# Naming your business



## BCbound (Aug 17, 2009)

Any thoughts on naming a business. I'm looking for some do's and don'ts of this process. Any wisdom would be great.


----------



## ozarktreeman (Aug 17, 2009)

I would stay away for first or last names in a business.reason bieng if you ever sold out generic names are easier to deal with.
Maybe goes for something that describes your are or counties that you will be doing business in.and try to go early in alphabet as it,s list 1st in phone book.good luck


----------



## ASD (Aug 18, 2009)

ozarktreeman said:


> i would stay away for first or last names in a business.reason bieng if you ever sold out generic names are easier to deal with.
> Maybe goes for something that describes your are or counties that you will be doing business in.and try to go early in alphabet as it,s list 1st in phone book.good luck



+1


----------



## Hoosier (Aug 18, 2009)

Nothing says "I'm a pro" more tha having "AA" in front of your name. Seriously, who in the heck uses a phone book anymore? I ran an add for a year to test and had one call. Most of my work comes from internet searches and a few yard signs. Think of a name that sounds easy to remember and get a logo graphic for it before you even put it out there, you want people to associate an image with a name. I am not a pro marketer, but I have stayed at a Holiday in express...

What is your business? Is it the traditional tree service?


----------



## ozarktreeman (Aug 18, 2009)

let me guess hoosier tree service. A non traditional tree service?


----------



## ChiHD (Aug 18, 2009)

ozarktreeman said:


> let me guess hoosier tree service. A non traditional tree service?



I think what he may mean is a business geared more to one type of service (climbing,pruning,removals) as opposed to a full service tree care company that does plant health care and consultations etc.

Also is your business going to cater more to residential customers, or commercial or both?

The one thing I have learned is to keep ads consistent (colours, font, logo)and create a brand, dont just stick a random tree on a page and call it a logo.


And I could be completey wrong about what he meant!!


----------



## ozarktreeman (Aug 18, 2009)

ArborCARE(705) said:


> I think what he may mean is a business geared more to one type of service (climbing,pruning,removals) as opposed to a full service tree care company that does plant health care and consultations etc.
> 
> Also is your business going to cater more to residential customers, or commercial or both?
> 
> ...






yea,that makes sense,been a long hot day. time


----------



## MNGuns (Aug 22, 2009)

A descriptive name is good, but leave yourself open to expansion as well.
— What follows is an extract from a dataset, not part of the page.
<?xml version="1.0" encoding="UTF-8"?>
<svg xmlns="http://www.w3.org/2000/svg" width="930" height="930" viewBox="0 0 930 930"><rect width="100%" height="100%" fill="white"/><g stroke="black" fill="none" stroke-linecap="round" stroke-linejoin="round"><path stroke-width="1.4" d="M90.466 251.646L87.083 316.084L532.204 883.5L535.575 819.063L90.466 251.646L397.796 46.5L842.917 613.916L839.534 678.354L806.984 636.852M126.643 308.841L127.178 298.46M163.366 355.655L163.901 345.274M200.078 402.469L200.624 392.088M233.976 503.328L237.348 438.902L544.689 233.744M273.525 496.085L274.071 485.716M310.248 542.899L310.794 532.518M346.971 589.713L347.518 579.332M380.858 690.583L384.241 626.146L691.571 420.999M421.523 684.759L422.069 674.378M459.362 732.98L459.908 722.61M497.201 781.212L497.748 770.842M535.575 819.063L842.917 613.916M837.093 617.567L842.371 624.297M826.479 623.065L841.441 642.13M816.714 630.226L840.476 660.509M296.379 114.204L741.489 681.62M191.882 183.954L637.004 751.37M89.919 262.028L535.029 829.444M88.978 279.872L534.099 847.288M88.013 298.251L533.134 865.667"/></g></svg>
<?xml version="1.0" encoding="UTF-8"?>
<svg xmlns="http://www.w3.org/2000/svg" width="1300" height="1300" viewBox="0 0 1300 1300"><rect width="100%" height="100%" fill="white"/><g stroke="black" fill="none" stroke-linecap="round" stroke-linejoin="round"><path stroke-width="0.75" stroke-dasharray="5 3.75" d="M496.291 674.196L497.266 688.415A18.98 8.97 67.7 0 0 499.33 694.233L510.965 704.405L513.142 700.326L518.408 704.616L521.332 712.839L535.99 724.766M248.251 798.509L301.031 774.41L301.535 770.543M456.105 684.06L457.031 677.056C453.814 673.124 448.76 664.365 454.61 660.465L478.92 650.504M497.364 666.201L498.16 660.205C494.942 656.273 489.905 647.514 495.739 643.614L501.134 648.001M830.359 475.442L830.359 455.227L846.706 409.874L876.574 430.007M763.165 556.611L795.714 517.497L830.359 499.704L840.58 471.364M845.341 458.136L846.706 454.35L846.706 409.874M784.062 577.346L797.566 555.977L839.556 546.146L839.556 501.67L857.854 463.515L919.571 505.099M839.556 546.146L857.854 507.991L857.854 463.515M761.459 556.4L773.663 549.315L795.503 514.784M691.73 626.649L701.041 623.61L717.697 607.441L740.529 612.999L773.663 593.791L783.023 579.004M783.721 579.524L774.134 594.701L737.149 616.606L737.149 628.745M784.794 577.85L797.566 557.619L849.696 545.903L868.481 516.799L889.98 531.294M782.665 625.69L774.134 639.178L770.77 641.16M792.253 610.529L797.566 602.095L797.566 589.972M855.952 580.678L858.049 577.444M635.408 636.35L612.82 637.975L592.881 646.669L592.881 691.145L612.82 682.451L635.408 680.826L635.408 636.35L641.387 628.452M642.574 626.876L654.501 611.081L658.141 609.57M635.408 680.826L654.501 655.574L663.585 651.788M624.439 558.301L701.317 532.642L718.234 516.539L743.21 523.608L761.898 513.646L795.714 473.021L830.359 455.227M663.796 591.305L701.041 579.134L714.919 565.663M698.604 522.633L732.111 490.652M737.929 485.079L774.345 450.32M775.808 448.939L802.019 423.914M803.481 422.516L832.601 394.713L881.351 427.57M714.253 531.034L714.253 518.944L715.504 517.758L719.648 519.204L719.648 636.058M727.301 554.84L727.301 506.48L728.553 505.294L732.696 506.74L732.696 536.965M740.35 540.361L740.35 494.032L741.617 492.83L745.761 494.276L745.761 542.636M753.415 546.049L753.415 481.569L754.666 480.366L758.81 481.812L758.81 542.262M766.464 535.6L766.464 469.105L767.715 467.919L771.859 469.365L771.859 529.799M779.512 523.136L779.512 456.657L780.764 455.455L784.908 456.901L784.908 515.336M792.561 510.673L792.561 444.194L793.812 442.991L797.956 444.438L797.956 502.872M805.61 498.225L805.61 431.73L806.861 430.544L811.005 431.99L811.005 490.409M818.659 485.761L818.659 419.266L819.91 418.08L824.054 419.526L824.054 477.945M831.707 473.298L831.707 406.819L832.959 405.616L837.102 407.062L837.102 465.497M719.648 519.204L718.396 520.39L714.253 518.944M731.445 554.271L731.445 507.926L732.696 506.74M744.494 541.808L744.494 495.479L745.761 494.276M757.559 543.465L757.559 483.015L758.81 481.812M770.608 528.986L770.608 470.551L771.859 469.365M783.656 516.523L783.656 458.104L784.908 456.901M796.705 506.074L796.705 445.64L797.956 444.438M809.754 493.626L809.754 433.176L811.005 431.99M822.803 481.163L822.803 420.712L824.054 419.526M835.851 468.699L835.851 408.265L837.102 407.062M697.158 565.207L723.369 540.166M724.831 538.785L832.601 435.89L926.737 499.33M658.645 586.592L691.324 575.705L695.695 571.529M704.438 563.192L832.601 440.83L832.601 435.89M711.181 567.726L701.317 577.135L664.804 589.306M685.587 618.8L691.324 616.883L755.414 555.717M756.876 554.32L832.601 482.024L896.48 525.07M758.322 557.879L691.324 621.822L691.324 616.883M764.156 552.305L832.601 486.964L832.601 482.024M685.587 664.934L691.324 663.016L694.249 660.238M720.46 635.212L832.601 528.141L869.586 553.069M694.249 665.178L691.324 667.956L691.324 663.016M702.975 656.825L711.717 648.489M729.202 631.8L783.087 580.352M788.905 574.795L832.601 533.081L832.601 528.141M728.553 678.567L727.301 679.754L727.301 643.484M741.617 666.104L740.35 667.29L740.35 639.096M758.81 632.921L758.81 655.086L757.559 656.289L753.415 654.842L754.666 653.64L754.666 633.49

May start out as Billy Bobs Firewood, then get into logging, or milling, etc. and you still have the "Firewood" stuck to you. My own business name is Circle B Services, Inc. Leaves me open to do darn near anything.


----------



## BlueRidgeMark (Aug 23, 2009)

Here's some great info on marketing, and there's a lot of free info on the site. You can probably get the book at your library, too.


http://www.gmarketing.com/


----------



## tomtrees58 (Aug 23, 2009)

who did Wat and runoke:


----------



## treemandan (Aug 23, 2009)

TreeCo said:


> AAA Discount Tree
> 
> AAA Bottom Dollar Tree
> 
> ...



They actuaaly don't alllow that around here anymore unless its really part of the registered name. I used to think that companies with AAA in them were part of Triple A, the road service.

A new crew is running round here now- Tree Dawgs.


----------



## tree MDS (Aug 23, 2009)

"Tree Dawgs", I like it.

Just make sure you dont git yer a$$ bitten dano. lol.

Grrr....lol.


----------



## treemandan (Aug 23, 2009)

tree MDS said:


> "Tree Dawgs", I like it.
> 
> Just make sure you dont git yer a$$ bitten dano. lol.
> 
> Grrr....lol.



I am not sure but I think the company is comprised of some wannabes who think they are arebes you know what I mean? I have yet to get a glimpse of them.


----------



## southsoundtree (Sep 5, 2009)

Think of what might be limiting to your company, such as Tree Removal Experts.
This may be where you start, but not where you want to be later. You will be better with a name like Quality Tree Services, than Affordable Tree Services.

You can have a slogan that goes with your name, e.g. Quality Tree Services--Always a Great Value.

You have to think about moving in the future, so Great Plains Tree Service might be better than Kansas City Tree Service, though you may not be recognized as much for being a local business.

Like they say about dressing for the job that you want, not the job you have...Name it for the company you want, not the one you are starting with.


----------



## BC WetCoast (Sep 5, 2009)

ozarktreeman said:


> I would stay away for first or last names in a business.



You mean like Asplundh, Bartlett or Davey???


----------



## arborist (Sep 5, 2009)

BC WetCoast said:


> You mean like Asplundh, Bartlett or Davey???



haha those 3 came to mind when I read that as well.
I named my tree service using my last name and I seem to be doing fine.
It's not the name you want your potential clients thinking about (though of course you want them to remember it).It's your presentation of your services offered.


----------